Dakota Territory, Spring 1886

They were gone again.

Twenty-two-year-old Freyda Haevre stared at the empty corrals. The gate had somehow come unlatched and was pushed open to allow her two plow horses to escape. She jerked about and fixed her gaze on the low house not more than a five-minute walk from where she stood depending on whether she was going for a neighborly visit or chasing after a team of difficult horses. The home of Ward Rollins. A widower with two little boys. She’d met him three times. The day she’d moved here and gone to claim her horses that he had been keeping for her, and twice since, when her horses were missing.

They’d gone back to the place where they’d spent the four months since her husband had died. Freyda understood the animals were used to getting fed over there, but she needed them to stay home. Just as she needed to learn how to hitch them to the farm implements so she could break new land, plant a crop, and meet the requirements of the Homestead Act.

“Then I shall own this bit of land.” She squeezed the words past her tight lips. She would prove to everyone, herself included, that she could manage on her own.

There was only one thing to do. She hitched up her skirts and strode along the path that connected the two homesteads. It was a well-beaten track, as if Baruk had gone back and forth a number of times before his death. As if Ward Rollins perhaps had come over a few times to help Baruk and maybe care for the animals while Baruk was ill. And now the path was trampled by the hooves of two draft animals that refused to stay home.

As she neared the Rollins’ place, shrieking rent the air and sent her nerves into a frenzied dance. She broke into a run, praying her petticoat wouldn’t trip her.

The sound led her to the far side of the house. A woman had the oldest boy by one arm and laid a willow switch on his back again and again. The liten gutt clamped his lips together and endured the whipping as the heavy-set woman struck him again and again. But the younger boy screamed, “Papa, Papa, Papa!”

Freyda didn’t care if it was any of her business. Didn’t care if she was rebuked for interfering. She strode forward and was about to stop the beating when footsteps pounded past her and a big hand grabbed the woman’s arm.

“Enough.” Ward Rollins had come to the rescue of his small son.

Freyda stepped back, shivering before the fury making Ward’s voice as hard as last winter’s ice and his face dark with rage. He reached for the crying younger boy and lifted him into his arms, at the same time drawing the older child, with his silent tears, to his side.

“Mrs. Wright, you are done here. Pack your bags. I will take you back to town.”

The woman sniffed and looked down her nose. “Your children are wild and unmanageable. Mark my words, they are going to turn into good-for-nothing riffraff.”

“That’s enough. Get your things ready.”

The woman marched away, her head high.

Ward shot Freyda a look that forbade her to say anything or interfere. Not that she had a mind to. But if he hadn’t shown up, she would have given Mrs. Wright a piece of her mind. Her business or not.
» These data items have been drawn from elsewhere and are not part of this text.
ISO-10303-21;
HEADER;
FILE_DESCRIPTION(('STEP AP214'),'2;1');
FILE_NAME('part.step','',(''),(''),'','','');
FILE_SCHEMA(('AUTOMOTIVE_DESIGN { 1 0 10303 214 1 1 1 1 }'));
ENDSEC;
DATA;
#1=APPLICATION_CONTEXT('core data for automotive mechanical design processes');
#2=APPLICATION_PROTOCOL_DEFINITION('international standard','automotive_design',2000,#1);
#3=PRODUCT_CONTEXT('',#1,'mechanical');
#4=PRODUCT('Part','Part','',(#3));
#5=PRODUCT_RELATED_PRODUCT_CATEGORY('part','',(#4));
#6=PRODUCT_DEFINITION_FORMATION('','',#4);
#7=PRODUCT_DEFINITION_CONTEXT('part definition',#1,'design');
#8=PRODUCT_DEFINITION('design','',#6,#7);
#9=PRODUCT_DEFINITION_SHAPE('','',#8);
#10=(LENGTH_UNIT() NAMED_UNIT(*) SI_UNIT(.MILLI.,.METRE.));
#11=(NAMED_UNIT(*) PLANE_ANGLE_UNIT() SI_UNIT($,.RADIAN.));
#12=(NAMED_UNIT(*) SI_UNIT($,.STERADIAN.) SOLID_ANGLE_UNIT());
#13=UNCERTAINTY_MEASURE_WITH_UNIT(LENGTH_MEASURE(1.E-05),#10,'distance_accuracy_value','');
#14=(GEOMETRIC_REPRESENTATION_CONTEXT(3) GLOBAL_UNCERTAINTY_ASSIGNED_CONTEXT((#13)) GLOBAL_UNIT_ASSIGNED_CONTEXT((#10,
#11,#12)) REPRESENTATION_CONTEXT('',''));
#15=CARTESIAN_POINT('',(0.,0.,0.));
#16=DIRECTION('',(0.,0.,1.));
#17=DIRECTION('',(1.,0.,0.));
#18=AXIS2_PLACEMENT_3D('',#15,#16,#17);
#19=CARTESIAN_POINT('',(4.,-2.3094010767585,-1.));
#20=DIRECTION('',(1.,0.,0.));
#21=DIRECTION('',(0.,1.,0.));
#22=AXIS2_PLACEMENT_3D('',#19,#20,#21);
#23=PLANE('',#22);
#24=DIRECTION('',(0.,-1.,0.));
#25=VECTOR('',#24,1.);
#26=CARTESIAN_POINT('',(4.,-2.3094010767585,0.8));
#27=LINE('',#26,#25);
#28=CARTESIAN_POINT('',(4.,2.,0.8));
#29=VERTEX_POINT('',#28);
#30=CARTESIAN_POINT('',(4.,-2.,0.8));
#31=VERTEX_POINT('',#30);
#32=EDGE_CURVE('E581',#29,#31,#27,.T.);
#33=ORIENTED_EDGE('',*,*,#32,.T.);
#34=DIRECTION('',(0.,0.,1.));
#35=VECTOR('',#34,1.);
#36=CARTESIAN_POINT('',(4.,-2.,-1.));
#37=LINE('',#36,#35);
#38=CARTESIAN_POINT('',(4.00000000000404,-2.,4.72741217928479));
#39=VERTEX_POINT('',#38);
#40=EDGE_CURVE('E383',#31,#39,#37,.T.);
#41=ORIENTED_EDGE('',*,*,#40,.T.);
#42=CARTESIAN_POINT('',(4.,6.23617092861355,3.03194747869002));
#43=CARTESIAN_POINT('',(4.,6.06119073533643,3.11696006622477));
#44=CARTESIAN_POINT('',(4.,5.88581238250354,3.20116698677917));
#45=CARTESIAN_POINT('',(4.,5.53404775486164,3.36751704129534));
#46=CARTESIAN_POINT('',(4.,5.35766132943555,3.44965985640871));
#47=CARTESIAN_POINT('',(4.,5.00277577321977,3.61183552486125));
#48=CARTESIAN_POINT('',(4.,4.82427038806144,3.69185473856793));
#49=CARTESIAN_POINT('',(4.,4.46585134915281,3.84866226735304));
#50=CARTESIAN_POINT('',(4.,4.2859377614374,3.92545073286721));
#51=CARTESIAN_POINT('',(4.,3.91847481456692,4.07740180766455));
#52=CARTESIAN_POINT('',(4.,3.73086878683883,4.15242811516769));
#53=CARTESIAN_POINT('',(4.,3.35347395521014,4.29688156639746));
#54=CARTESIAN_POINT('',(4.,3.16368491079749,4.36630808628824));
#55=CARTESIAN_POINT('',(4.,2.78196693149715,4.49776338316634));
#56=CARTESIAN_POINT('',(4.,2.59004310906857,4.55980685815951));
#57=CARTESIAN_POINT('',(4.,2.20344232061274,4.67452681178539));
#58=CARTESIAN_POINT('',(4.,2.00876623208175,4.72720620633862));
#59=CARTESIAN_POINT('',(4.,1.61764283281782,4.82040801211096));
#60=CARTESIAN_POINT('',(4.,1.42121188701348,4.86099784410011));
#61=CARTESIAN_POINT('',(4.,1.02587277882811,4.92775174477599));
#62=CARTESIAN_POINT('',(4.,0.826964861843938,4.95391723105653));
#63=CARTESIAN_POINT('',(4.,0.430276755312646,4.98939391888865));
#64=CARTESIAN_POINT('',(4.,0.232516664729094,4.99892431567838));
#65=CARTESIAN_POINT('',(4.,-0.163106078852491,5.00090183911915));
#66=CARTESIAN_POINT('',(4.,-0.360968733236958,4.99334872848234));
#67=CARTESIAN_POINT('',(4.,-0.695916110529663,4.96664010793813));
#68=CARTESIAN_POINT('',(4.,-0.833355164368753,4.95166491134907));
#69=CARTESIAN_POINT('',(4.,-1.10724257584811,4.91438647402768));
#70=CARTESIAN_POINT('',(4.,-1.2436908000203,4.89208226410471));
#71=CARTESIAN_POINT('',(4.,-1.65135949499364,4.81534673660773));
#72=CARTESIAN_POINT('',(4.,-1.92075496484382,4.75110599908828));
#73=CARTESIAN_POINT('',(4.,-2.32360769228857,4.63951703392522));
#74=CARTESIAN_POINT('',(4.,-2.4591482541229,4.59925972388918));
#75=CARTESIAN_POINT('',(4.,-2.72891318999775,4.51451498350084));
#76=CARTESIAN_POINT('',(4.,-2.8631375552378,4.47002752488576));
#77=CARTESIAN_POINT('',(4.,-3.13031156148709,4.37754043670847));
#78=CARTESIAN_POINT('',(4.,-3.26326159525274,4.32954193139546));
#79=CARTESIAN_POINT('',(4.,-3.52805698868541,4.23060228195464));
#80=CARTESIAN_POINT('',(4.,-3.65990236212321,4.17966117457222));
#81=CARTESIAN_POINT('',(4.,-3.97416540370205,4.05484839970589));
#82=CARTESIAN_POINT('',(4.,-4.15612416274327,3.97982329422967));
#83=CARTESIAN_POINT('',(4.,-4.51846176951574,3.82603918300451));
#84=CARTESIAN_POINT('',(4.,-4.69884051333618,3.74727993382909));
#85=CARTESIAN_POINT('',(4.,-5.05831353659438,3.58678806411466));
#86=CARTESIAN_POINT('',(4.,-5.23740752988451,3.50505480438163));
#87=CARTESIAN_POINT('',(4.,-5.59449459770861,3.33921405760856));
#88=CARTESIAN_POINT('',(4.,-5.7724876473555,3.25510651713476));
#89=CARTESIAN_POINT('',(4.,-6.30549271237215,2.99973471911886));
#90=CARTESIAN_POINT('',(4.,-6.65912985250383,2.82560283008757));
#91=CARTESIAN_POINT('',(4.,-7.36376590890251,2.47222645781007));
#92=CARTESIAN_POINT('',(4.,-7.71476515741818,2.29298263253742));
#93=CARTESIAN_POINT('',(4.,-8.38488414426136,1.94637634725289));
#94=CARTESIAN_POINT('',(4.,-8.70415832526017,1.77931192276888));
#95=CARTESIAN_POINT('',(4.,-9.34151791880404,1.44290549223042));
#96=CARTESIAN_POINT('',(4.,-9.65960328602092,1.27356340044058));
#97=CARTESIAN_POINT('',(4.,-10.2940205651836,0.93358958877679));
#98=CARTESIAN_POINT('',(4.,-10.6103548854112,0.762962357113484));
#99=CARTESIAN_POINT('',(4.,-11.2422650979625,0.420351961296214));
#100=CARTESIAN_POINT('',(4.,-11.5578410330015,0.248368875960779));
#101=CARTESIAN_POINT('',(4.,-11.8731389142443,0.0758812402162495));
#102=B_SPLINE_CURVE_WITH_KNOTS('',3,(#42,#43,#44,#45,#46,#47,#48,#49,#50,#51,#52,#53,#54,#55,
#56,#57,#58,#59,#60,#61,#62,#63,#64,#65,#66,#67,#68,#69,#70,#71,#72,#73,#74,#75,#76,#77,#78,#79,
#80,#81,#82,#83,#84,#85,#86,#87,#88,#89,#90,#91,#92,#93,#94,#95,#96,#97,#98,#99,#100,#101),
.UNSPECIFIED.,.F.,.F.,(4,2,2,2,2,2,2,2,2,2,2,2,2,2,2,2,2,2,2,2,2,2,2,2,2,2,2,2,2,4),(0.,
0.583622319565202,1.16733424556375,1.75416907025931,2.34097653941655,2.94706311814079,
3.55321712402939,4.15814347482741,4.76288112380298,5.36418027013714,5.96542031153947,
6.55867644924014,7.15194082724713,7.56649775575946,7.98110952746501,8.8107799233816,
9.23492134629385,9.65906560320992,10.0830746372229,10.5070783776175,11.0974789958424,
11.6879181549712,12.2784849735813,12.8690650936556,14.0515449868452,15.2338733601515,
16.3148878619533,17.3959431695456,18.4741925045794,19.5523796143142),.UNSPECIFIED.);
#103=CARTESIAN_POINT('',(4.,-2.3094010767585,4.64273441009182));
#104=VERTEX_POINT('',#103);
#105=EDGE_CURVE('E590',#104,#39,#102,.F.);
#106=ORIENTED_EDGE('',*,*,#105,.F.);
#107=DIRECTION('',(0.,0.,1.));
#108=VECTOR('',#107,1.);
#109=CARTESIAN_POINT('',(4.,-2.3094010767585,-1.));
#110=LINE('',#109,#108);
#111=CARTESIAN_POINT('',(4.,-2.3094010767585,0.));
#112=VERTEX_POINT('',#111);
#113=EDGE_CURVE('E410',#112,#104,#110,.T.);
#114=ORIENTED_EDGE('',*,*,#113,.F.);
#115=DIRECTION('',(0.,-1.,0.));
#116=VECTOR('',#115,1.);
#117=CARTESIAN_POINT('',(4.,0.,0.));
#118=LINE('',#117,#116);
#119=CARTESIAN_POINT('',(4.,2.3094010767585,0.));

Ignoring Freyda, perhaps expecting she would leave, Ward bent to the older boy. With his fingertip, he wiped away the tears. “You don’t deserve that kind of treatment. No one does.”

“Yes, Papa.”

Freyda’s throat tightened at the way the boy’s voice quivered. “Poor little lamb,” she murmured, more to herself than anyone.

Ward straightened. “What can I do for you, Mrs. Haevre?”

“I’ve come for my horses.” She nodded toward the patch of grass by the barn where they grazed placidly.

Ward’s attention went the same direction. “Help yourself.”

If only it was that easy. She had tried, and failed, to have any control over the big animals. With a pinch of spice, she thought it wasn’t unlike him trying to control his boys. In the few days she’d been at her farm she’d twice witnessed Mrs. Wright trying to shepherd the boys back to the house. It was like trying to corral wild cats.

“I’m ready to go,” Mrs. Wright called from the step.

“Come along, boys. We have to take her to town.”

“Papa,” the younger one cried. “I don’t want to ride with her. Please, don’t make me.”

The older boy pressed to Ward’s side and shivered.

Ward looked from his boys to the waiting woman who tapped her foot. One hand held her belongings, the other opened and closed at her side.

Freyda watched that hand and put her own to her neck as if she needed to protect herself. Without thinking, she took a step closer to Ward and his children. She couldn’t say if she wanted his protection or if she wanted to protect the boys.

“Why don’t you leave them with me?” The words surprised her. Wasn’t she supposed to be learning to handle her horses so she could get a crop in the ground? But she understood how frightened the little boys were. “I’m sorry, but I’ve forgotten their names.” Everything was so hard to remember in English.

“This is Milo.” Ward indicated the boy quivering at his side. “He’s six. And this is Kit. He’s four.”

“Pleased to meet you both.” Freyda extended her hand toward the pair but withdrew it when she saw how they both jerked back. Her thoughts blackened. How many times had they endured whippings from that woman that they shrank from an ordinary gesture? “They will be safe with me.” She spoke to Ward.

His mouth tightened. “You’ll forgive me if I say I have no reason to accept that as the truth.”

“And perhaps what Baruk said about me?” She hoped her husband had thought of her from time to time while he was in America and she was in Norway waiting for him to send for her.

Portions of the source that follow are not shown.